6+ Firecrawl tools, including:

• firecrawl_scrape – Scrape content from a single URL
• firecrawl_crawl – Crawl entire websites and extract content
• firecrawl_map – Discover all indexed URLs on a site
• firecrawl_search – Search the web and extract content
• firecrawl_extract – Extract structured data using LLM capabilities
• firecrawl_check_crawl_status – Check crawl job status

5. Configure Node.js Sandbox MCP Server

The Node.js Sandbox enables ChatGPT to execute JavaScript in isolated Docker containers.

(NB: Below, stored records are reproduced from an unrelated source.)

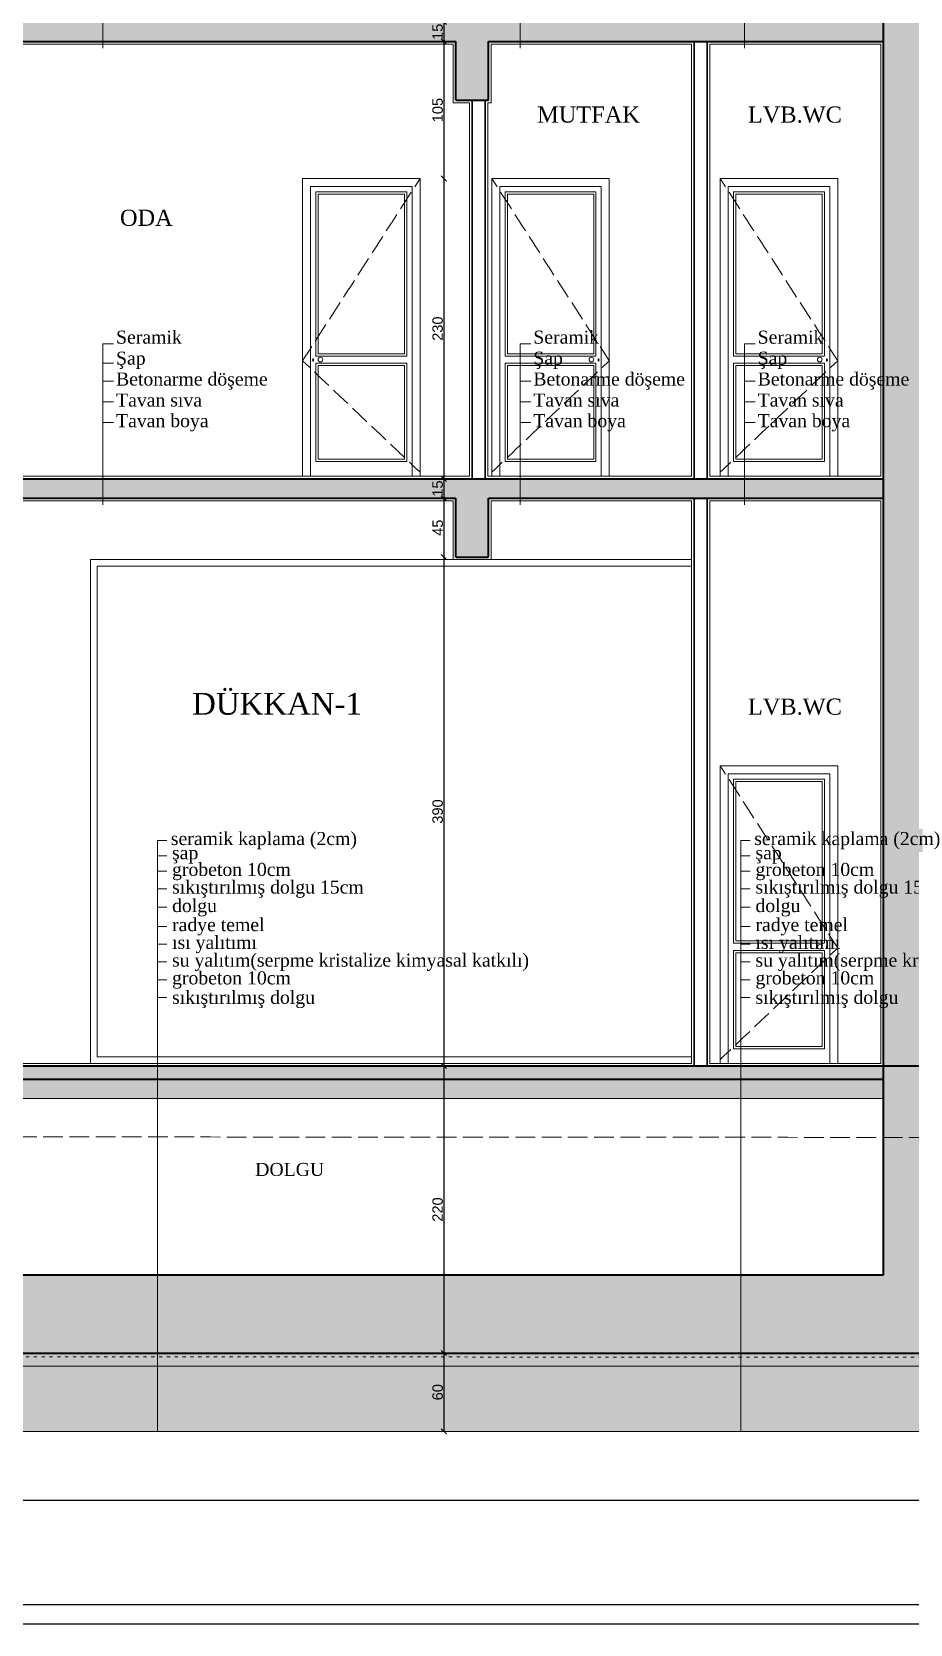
# Model space of a CAD drawing. Header units: centimetres. Extents: x 14449 to 53524, y -19051 to -10746.
# Drawn here: x 40898 to 41571, y -12946 to -11726 of the extents above; entities that cross this region are included whole.
import ezdxf

# ---------------------------------------------------------------- set-up
doc = ezdxf.new("R2010")
doc.units = ezdxf.units.CM
for name, pattern in [('ACAD_ISO03W100', [30, 12, -18]), ('DOT', [6.35, 0, -6.35]), ('IZDUSUM1', [20, 7.5, -5, 7.5, 0])]:
    doc.linetypes.add(name, pattern=pattern)
for name, color, linetype, lineweight in [('İNCE', 8, 'Continuous', 5), ('malzeme cizgisi', 242, 'Continuous', 20), ('P-TEFRİŞ', 253, 'Continuous', 5), ('P-ÖLÇÜ İÇ', 243, 'Continuous', 0), ('rtm-duv tugla', 22, 'Continuous', 35), ('rtm-izdusum-üst ince', 8, 'IZDUSUM1', 5), ('rtm-kesit katmanı-04', 33, 'Continuous', 25), ('rtm-kesit katmanı-05', 153, 'Continuous', 20), ('rtm-kesit katmanı-06', 136, 'Continuous', 15), ('rtm-mhl-yazı-malzeme', 7, 'Continuous', 13), ('rtm-sıva', 252, 'Continuous', 15), ('rtm-tarama-betonarme', 51, 'Continuous', 13), ('rtm-tas_betonarme', 50, 'Continuous', 40)]:
    doc.layers.add(name, color=color, linetype=linetype, lineweight=lineweight)
doc.styles.get("Standard").update_dxf_attribs({"font": 'arial.ttf'})
doc.styles.add('times new roman_1_18', font='times.ttf', dxfattribs={"height": 0.2})
doc.styles.add('ölçü', font='times.ttf', dxfattribs={"height": 10})
doc.dimstyles.new('İÇ ÖLÇÜ', dxfattribs={"dimtxt": 8, "dimasz": 4, "dimexe": 1.25, "dimexo": 0.625, "dimtad": 1, "dimdec": 0, "dimtxsty": 'Standard', "dimblk": 'OBLIQUE', "dimcen": 2.5, "dimse1": 1, "dimse2": 1, "dimclrd": 256, "dimclrt": 256, "dimadec": 0, "dimazin": 0, "dimtfac": 1, "dimtdec": 0, "dimtmove": 1, "dimatfit": 3, "dimldrblk": 'OBLIQUE', "dimfxl": 1, "dimarcsym": 0})

# ---------------------------------------------------------------- blocks, each defined once
blk = doc.blocks.new('gfsdhfdjfg')
at = {"layer": 'malzeme cizgisi'}
for points in [[(-6256, -2123), (-6256, -1670.1)], [(-6256, -1670.1), (-6248.9, -1670.1)], [(-6256, -1681.9), (-6248.9, -1681.9)], [(-6256, -1693.8), (-6248.9, -1693.8)], [(-6256, -1707.2), (-6248.9, -1707.2)], [(-6256, -1721.4), (-6248.9, -1721.4)], [(-6256, -1736), (-6248.9, -1736)], [(-6256, -1749.6), (-6248.9, -1749.6)], [(-6256, -1763.2), (-6248.9, -1763.2)], [(-6256, -1776.9), (-6248.9, -1776.9)], [(-6256, -1790.5), (-6248.9, -1790.5)]]:
    blk.add_lwpolyline(points, dxfattribs=at)
at = {"layer": 'rtm-mhl-yazı-malzeme', "linetype": 'Continuous', "lineweight": 0, "style": 'times new roman_1_18'}
for s, p in [(' seramik kaplama (2cm)', (-6249.5, -1673.7)), ('şap', (-6244.8, -1684.6)), ('grobeton 10cm', (-6244.8, -1697.4)), ('sıkıştırılmış dolgu 15cm', (-6244.8, -1710.9)), ('dolgu', (-6244.8, -1725.1)), ('radye temel ', (-6244.8, -1739.7)), ('ısı yalıtımı', (-6244.8, -1753.3)), ('su yalıtım(serpme kristalize kimyasal katkılı)', (-6244.8, -1766.9)), ('grobeton 10cm', (-6244.8, -1780.5)), ('sıkıştırılmış dolgu ', (-6244.8, -1795.4))]:
    blk.add_text(s, height=10, dxfattribs=at).set_placement(p)
blk = doc.blocks.new('_Oblique')
at = {"color": 0, "linetype": 'ByBlock', "lineweight": -2}
blk.add_line((-0.5, -0.5), (0.5, 0.5), dxfattribs=at)
blk = doc.blocks.new('*D4170')
at = {"layer": 'Defpoints', "color": 0, "lineweight": 30, "transparency": 16777216}
for p in [(41213.4, -11718.5), (41213.4, -11733.5), (41213.4, -11733.5)]:
    blk.add_point(p, dxfattribs=at)
at = {"layer": 'P-ÖLÇÜ İÇ', "lineweight": -2, "transparency": 16777216}
blk.add_line((41213.4, -11718.5), (41213.4, -11733.5), dxfattribs=at)
at = {"layer": 'P-ÖLÇÜ İÇ', "lineweight": -2, "transparency": 16777216, "xscale": 4, "yscale": 4, "zscale": 4}
for p, rotation in [((41213.4, -11718.5), 90), ((41213.4, -11733.5), 270)]:
    blk.add_blockref('_Oblique', p, dxfattribs=dict(at, rotation=rotation))
at = {"layer": 'P-ÖLÇÜ İÇ', "transparency": 16777216, "insert": (41208.6, -11726), "char_height": 8, "attachment_point": 5, "rotation": 90}
blk.add_mtext('15', dxfattribs=at)
blk = doc.blocks.new('*D4171')
at = {"layer": 'Defpoints', "color": 0, "lineweight": 30, "transparency": 16777216}
for p in [(41213.4, -11733.5), (41213.4, -11838.5), (41214.8, -11838.5)]:
    blk.add_point(p, dxfattribs=at)
at = {"layer": 'P-ÖLÇÜ İÇ', "lineweight": -2, "transparency": 16777216}
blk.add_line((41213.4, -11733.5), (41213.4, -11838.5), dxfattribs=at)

Understanding the Architecture

The Node.js Sandbox implements the Docker-out-of-Docker (DooD) pattern by mounting /var/run/docker.sock. This gives the sandbox container access to the Docker daemon, allowing it to spawn ephemeral sibling containers for code execution.

When ChatGPT requests JavaScript execution:

1. Sandbox container makes Docker API calls
2. Creates temporary Node.js containers (with resource limits)
3. Executes code in complete isolation
4. Returns results
5. Auto-removes the container

Add Via Docker Desktop

1. MCP Toolkit → Catalog
2. Search “Node.js Sandbox”
3. Click + Add

Unfortunately, the Node.js Sandbox requires manual configuration that can’t be done entirely through the Docker Desktop UI. We’ll need to configure ChatGPT’s connector settings directly.

Prepare Output Directory

Create a directory for sandbox output:

# macOS/Linux
mkdir -p ~/Desktop/sandbox-output

# Windows
mkdir %USERPROFILE%\Desktop\sandbox-output

Configure Docker File Sharing

Ensure this directory is accessible to Docker:

1. Docker Desktop → Settings → Resources → File Sharing
2. Add ~/Desktop/sandbox-output (or your Windows equivalent)
3. Click Apply & Restart

6. Configure Sequential Thinking MCP Server

The Sequential Thinking MCP server gives ChatGPT the ability for dynamic and reflective problem-solving through thought sequences. Adding the Sequential Thinking MCP server is straightforward –  it doesn’t require any API key. Just search for Sequential Thinking in the Catalog and get it to your MCP server list.

In Docker Desktop:

1. Open Docker Desktop → MCP Toolkit → Catalog
2. Search for “Sequential Thinking”
3. Find Sequential Thinking in the results
4. Click “Add MCP Server” to add without any configuration

The Sequential Thinking MCP server should now appear under “My Servers” in Docker MCP Toolkit.

What you get:

• A single Sequential Thinking tool that includes:
• sequentialthinking – A detailed tool for dynamic and reflective problem-solving through thoughts. This tool helps analyze problems through a flexible thinking process that can adapt and evolve. Each thought can build on, question, or revise previous insights as understanding deepens.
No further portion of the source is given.